**TASK TO CARRY OUT**
Nothing but the lines below between the line holding "Computational Delay : UnitDelay" and the line holding "Encoder : Subsystem", inclusive, should appear in the answer, each set down exactly.

**RECORDS**
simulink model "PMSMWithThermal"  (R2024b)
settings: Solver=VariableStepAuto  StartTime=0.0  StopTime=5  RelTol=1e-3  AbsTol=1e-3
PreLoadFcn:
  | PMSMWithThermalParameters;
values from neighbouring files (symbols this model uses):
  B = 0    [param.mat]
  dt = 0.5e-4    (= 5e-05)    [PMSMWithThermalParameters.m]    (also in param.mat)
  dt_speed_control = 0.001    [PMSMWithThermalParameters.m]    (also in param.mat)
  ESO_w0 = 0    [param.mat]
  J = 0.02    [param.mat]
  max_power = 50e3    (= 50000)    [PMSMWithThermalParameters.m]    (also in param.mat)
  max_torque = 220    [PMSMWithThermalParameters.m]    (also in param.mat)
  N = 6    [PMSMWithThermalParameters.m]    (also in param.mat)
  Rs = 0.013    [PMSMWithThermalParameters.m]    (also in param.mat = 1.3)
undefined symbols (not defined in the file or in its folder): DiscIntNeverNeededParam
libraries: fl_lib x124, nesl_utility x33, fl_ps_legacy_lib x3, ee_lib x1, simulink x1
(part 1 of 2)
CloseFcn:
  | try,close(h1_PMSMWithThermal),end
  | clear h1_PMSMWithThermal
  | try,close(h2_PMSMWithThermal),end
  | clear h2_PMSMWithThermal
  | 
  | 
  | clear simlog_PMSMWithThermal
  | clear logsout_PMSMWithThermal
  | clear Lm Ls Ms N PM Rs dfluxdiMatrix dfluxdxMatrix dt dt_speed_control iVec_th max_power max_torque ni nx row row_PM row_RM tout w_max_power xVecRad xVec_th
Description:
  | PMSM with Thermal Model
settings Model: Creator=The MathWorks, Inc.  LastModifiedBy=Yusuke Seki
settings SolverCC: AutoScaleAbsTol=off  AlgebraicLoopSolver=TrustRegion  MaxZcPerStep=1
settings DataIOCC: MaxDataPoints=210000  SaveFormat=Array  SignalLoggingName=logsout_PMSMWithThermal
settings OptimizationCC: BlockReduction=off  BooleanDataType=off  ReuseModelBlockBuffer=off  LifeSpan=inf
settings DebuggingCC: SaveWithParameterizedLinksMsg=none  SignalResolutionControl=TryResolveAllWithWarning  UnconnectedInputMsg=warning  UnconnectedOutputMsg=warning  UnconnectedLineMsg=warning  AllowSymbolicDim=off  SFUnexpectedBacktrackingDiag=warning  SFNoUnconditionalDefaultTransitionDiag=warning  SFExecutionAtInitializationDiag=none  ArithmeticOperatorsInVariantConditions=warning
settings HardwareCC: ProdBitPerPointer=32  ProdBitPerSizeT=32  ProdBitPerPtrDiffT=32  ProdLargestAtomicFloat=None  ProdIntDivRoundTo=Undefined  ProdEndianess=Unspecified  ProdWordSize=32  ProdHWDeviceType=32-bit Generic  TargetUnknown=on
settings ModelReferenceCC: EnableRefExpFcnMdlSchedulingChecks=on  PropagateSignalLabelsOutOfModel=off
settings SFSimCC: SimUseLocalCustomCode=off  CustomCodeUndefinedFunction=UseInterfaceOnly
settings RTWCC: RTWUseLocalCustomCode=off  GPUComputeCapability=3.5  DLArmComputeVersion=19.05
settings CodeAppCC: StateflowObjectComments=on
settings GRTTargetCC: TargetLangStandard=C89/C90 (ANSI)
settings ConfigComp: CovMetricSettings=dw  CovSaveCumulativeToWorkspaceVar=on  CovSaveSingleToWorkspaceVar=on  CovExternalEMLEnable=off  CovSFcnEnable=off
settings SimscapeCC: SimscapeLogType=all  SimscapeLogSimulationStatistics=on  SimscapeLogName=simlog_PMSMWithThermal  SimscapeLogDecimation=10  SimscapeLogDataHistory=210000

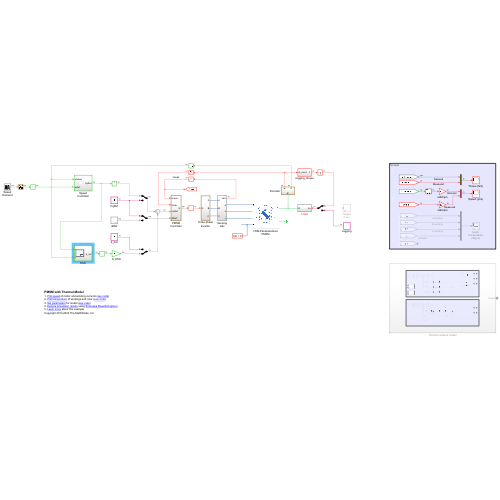
[thumbnail: Simulink's stored preview of the top-level diagram]
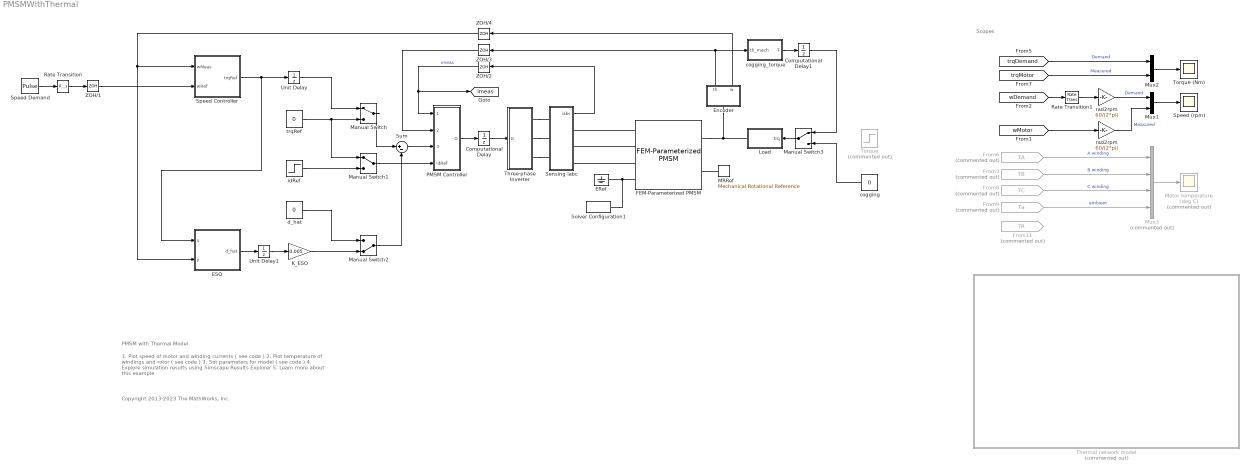
== system PMSMWithThermal ==
  note: Scopes
  note: PMSM with Thermal Model
  note: 1. Plot speed of motor and winding currents ( see code )
      | 2. Plot temperature of windings and rotor ( see code )
      | 3. Set parameters for model ( see code )
      | 4. Explore simulation results using Simscape Results Explorer
      | 5. Learn more about this example
  note: Copyright 2013-2023 The MathWorks, Inc.
  " rad2rpm " : Gain  Gain=60/(2*pi)
  Computational Delay : UnitDelay  SampleTime=dt  HasFrameUpgradeWarning=on
  Computational Delay1 : UnitDelay  SampleTime=dt  HasFrameUpgradeWarning=on
  ERef : fl_lib/Electrical/Electrical Elements/Electrical Reference
  ESO : Subsystem  TreatAsAtomicUnit=on  SystemSampleTime=dt_speed_control
  Encoder : Subsystem
  FEM-Parameterized PMSM : ee_lib/Electromechanical/Permanent Magnet/FEM-Parameterized PMSM  parameterization=ee.enum.fem_motor.parameterization.sinusoidalBackEMF  winding_type=ee.enum.statorconnection.wye  iVec=iVec_th A  xVec=xVec_th deg  dfluxdiMatrix=dfluxdiMatrix Wb/A  dfluxdxMatrix=dfluxdxMatrix Wb/rad  calculate_torque_matrix=1  TorqueMatrix=[0, 0.3, - 0.3, 0; 0, 0, 0, 0; 0, - 0.3, 0.3, 0] N*m  idVec1=[-200.0, 0.0, 200.0] A  iqVec1=[-200.0, 0.0, 200.0] A  LdMatrix=0.0002 * ones(3, 3) H  LqMatrix=0.0002 * ones(3, 3) H  PmMatrix=0.1 * ones(3, 3) Wb  interp_method=1  N=N  Rs=Rs Ohm  Ms=Ms H  L0=0.00016 H  loss_param=ee.enum.fem_motor.ironLosses.none  losses_oc=[0.0, 0.0, 0.0] W  losses_sc=[0.0, 0.0, 0.0] W  f_losses=60 Hz  Isc_losses=95 A  Inertia=J kg*m^2  lam=B N*m/(rad/s)  i_d_specify=off  i_d_priority=None  i_d=0 A  i_d_nominal_specify=off  i_d_nominal_value=1  i_d_nominal_unit=A  i_q_specify=off  i_q_priority=None  i_q=0 A  i_q_nominal_specify=off  i_q_nominal_value=1  i_q_nominal_unit=A  torque_specify=off  torque_priority=None  torque=0 N*m  torque_nominal_specify=off  torque_nominal_value=1  torque_nominal_unit=N*m  angular_velocity_specify=on  angular_velocity_priority=High  angular_velocity=0 rpm  angular_velocity_nominal_specify=off  angular_velocity_nominal_value=1  angular_velocity_nominal_unit=rpm  angular_position_specify=on  angular_position_priority=High  angular_position=0 deg  angular_position_nominal_specify=off  angular_position_nominal_value=1  angular_position_nominal_unit=deg  alpha=3.93e-3 1/K  alpha_flux=-0.001 1/K  Tmeas=298.15 K  stator_thermal_mass=2 J/K  stator_initial_temperatures=[298.15, 298.15, 298.15] K  rotor_thermal_mass=20 J/K  rotor_initial_temperature=298.15 K  Rm_percent_rotor=90  Rd_percent_rotor=30  idVec=[-200, 0, 200] A  iqVec=[-200, 0, 200] A  dfluxAdiaMatrix3D=zeros(3, 3, 4) Wb/A  dfluxAdibMatrix3D=zeros(3, 3, 4) Wb/A  dfluxAdicMatrix3D=zeros(3, 3, 4) Wb/A  dfluxAdxMatrix3D=zeros(3, 3, 4) Wb/rad  TorqueMatrix3D=zeros(3, 3, 4) N*m  iaVec=[-200, 0, 200] A  ibVec=[-200, 0, 200] A  icVec=[-200, 0, 200] A  dfluxAdiaMatrix=zeros(3, 3, 3, 4) Wb/A  dfluxAdibMatrix=zeros(3, 3, 3, 4) Wb/A  dfluxAdicMatrix=zeros(3, 3, 3, 4) Wb/A  dfluxAdxMatrix=zeros(3, 3, 3, 4) Wb/rad  param_dq0=ee.enum.fem_motor.fluxTabulationOption.DQcartesian  winding_type_dq0=ee.enum.statorconnection.wye  expose_neutral_port=ee.enum.fem_motor.exposeNeutralPort.no  nPolePairs=4  parks_type=ee.enum.fem_motor.parksType.QleadsD_AphaseToDaxis  idVec2=[-200, 0, 200] A  iqVec2=[-200, 0, 200] A  magVec2=[0, 100, 200] A  betaVec2=[-180, -90, 0, 90, 180] deg  xVec2=[0, 5, 10, 15, 20, 25, 30] deg  fluxD_dq0=zeros(3, 3, 7) Wb  fluxQ_dq0=zeros(3, 3, 7) Wb  fluxA_dq0=zeros(3, 3, 7) Wb  Torque_dq0=ones(3, 3, 7) N*m  fluxD_IBX=zeros(3, 5, 7) Wb  fluxQ_IBX=zeros(3, 5, 7) Wb  fluxA_IBX=zeros(3, 5, 7) Wb  Torque_IBX=zeros(3, 5, 7) N*m  rotorLossCoeff_k_h_DQ=zeros(3, 3) W/Hz  rotorLossCoeff_k_J_DQ=zeros(3, 3) W/Hz^2  rotorLossCoeff_k_ex_DQ=zeros(3, 3) W/Hz^(3/2)  rotorLossCoeff_k_h_IB=zeros(3, 5) W/Hz  rotorLossCoeff_k_J_IB=zeros(3, 5) W/Hz^2  rotorLossCoeff_k_ex_IB=zeros(3, 5) W/Hz^(3/2)  statorLossCoeff_k_h_DQ=zeros(3, 3) W/Hz  statorLossCoeff_k_J_DQ=zeros(3, 3) W/Hz^2  statorLossCoeff_k_ex_DQ=zeros(3, 3) W/Hz^(3/2)  statorLossCoeff_k_h_IB=zeros(3, 5) W/Hz  statorLossCoeff_k_J_IB=zeros(3, 5) W/Hz^2  statorLossCoeff_k_ex_IB=zeros(3, 5) W/Hz^(3/2)  wVec=[1000, 2000] rpm  rotorLossTable_DQ=zeros(3, 3, 2) W  statorLossTable_DQ=zeros(3, 3, 2) W  rotorLossTable_IB=zeros(3, 5, 2) W  statorLossTable_IB=zeros(3, 5, 2) W  electrical_torque_before_iron_losses_specify=off  electrical_torque_before_iron_losses_priority=None  electrical_torque_before_iron_losses=0 N*m  electrical_torque_before_iron_losses_nominal_specify=off  electrical_torque_before_iron_losses_nominal_value=1  electrical_torque_before_iron_losses_nominal_unit=N*m  Qrotor_specify=off  Qrotor_priority=None  Qrotor=0 J/s  Qrotor_nominal_specify=off  Qrotor_nominal_value=1  Qrotor_nominal_unit=J/s  Qstator_specify=off  Qstator_priority=None  Qstator=0 J/s  Qstator_nominal_specify=off  Qstator_nominal_value=1  Qstator_nominal_unit=J/s
      settings: InternalSimscapePortConfiguration="{\"Bottom\":[],\"Left\":[{\"id\":\"a\",\"label\":\"a\",\"type\":\"foundation.electrical.electrical\"},{\"id\":\"b\",\"label\":\"b\",\"type\":\"foundation.electrical.electrical\"},{\"id\":\"c\",\"label\":\"c\",\"type\":\"foundation.electrical.electrical\"},{\"id\":\"n\",\"label\":\"n\",\"type\":\"foundation.electrical.electrical\"}],\"Right\":[{\"id\":\"R\",\"label\":\"R\",\"type\":\"foundation.mechanical.rotational.rotational\"},{\"id\":\"C\",\"label\":\"C\",\"type\":\"foundation.mechanical.rotational.rotational\"}],\"Top\":[]}"
  From11 : From  Commented=on  GotoTag=TR  TagVisibility=global
  From3 : From  Commented=on  GotoTag=TB  TagVisibility=global
  From6 : From  Commented=on  GotoTag=TA  TagVisibility=global
  From8 : From  Commented=on  GotoTag=TC  TagVisibility=global
  From9 : From  Commented=on  GotoTag=Ta  TagVisibility=global
  K_ESO : Gain  Gain=0.005
  Load : Subsystem
  MRRef : fl_lib/Mechanical/Rotational Elements/Mechanical Rotational Reference
  Manual Switch : ManualSwitch
  Manual Switch1 : ManualSwitch
  Manual Switch2 : ManualSwitch  CurrentSetting=0
  Manual Switch3 : ManualSwitch
  Motor temperature (deg C) : Scope  Commented=on
  Mux1 : Mux  Inputs=2
  Mux2 : Mux  Inputs=2
  Mux3 : Mux  Commented=on
  PMSM Controller : Subsystem
  Rate Transition : RateTransition
  Rate Transition1 : RateTransition
  Sensing iabc : Subsystem
  Solver Configuration1 : nesl_utility/Solver Configuration  PhysicalDomain=network_engine_domain  SubClassName=solver  LeftPortType=input  RightPortType=generic  Tones=[]  Harmonics=[]  SimulateNoise=off  Profile=off  UseLocalSampling=off  EnableSwitchedLinearOptims=on  FrequencyDomain=off  UseCCode=off  RelTol=0.001  AbsTol=1e-06  MinStep=1e-09  ToWorkspace=off  RevertToSquareIcSolve=off  NumHomotopyIterations=100  PhasorMode=off  PhasorModeNumHarmonics=1  ConsistencySolver=NEWTON_XTOL_AFTER_FTOL  IndexReductionMethod=DerivativeReplacement  DoDC=off  ResidualTolerance=1e-9  ConsistencyTolSource=GLOBAL  ConsistencyAbsTol=0.001  ConsistencyRelTol=0.001  ConsistencyTolFactor=0.001  UseLocalSolver=on  LocalSolverChoice=NE_BACKWARD_EULER_ADVANCER  ResolveIndetEquations=on  FunctionEvalNumThread=1  LocalSolverSampleTime=dt  DoFixedCost=on  MaxNonlinIter=3  MaxModeIter=2  ComputeImpulses=off  ImpulseIterations=2  LinearAlgebra=auto  LinearAlgebraNumThread=0  EquationFormulation=NE_TIME_EF  DelaysMemoryBudget=1024  AutomaticFiltering=on  FilteringTimeConstant=0.001  PartitionStorageMethod=AS_NEEDED  PartitionMemoryBudget=1024  PartitionMethod=FAST  MultibodyUseLocalSolver=off  MultibodyLocalSolverChoice=ODE1  MultibodyLocalSolverSampleTime=0.001
  Speed Controller : Subsystem  SystemSampleTime=dt_speed_control
  Speed Demand : DiscretePulseGenerator  PulseType=Time based  Amplitude=200*2*pi/60  Period=10  PulseWidth=30  PhaseDelay=0.2
  Speed (rpm) : Scope
  Sum : Sum  Inputs=|+-
  Thermal network model : Subsystem  Commented=on
  Three-phase Inverter : Subsystem  VariantControl=Variant
  Torque : Step  Commented=on  Time=5  After=0  SampleTime=dt
      settings: AttributesFormatString=%<Time> sec
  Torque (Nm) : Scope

**SOLUTION TO THE EXERCISE**
  Computational Delay : UnitDelay  SampleTime=dt  HasFrameUpgradeWarning=on
  Computational Delay1 : UnitDelay  SampleTime=dt  HasFrameUpgradeWarning=on
  ERef : fl_lib/Electrical/Electrical Elements/Electrical Reference
  ESO : Subsystem  TreatAsAtomicUnit=on  SystemSampleTime=dt_speed_control
  Encoder : Subsystem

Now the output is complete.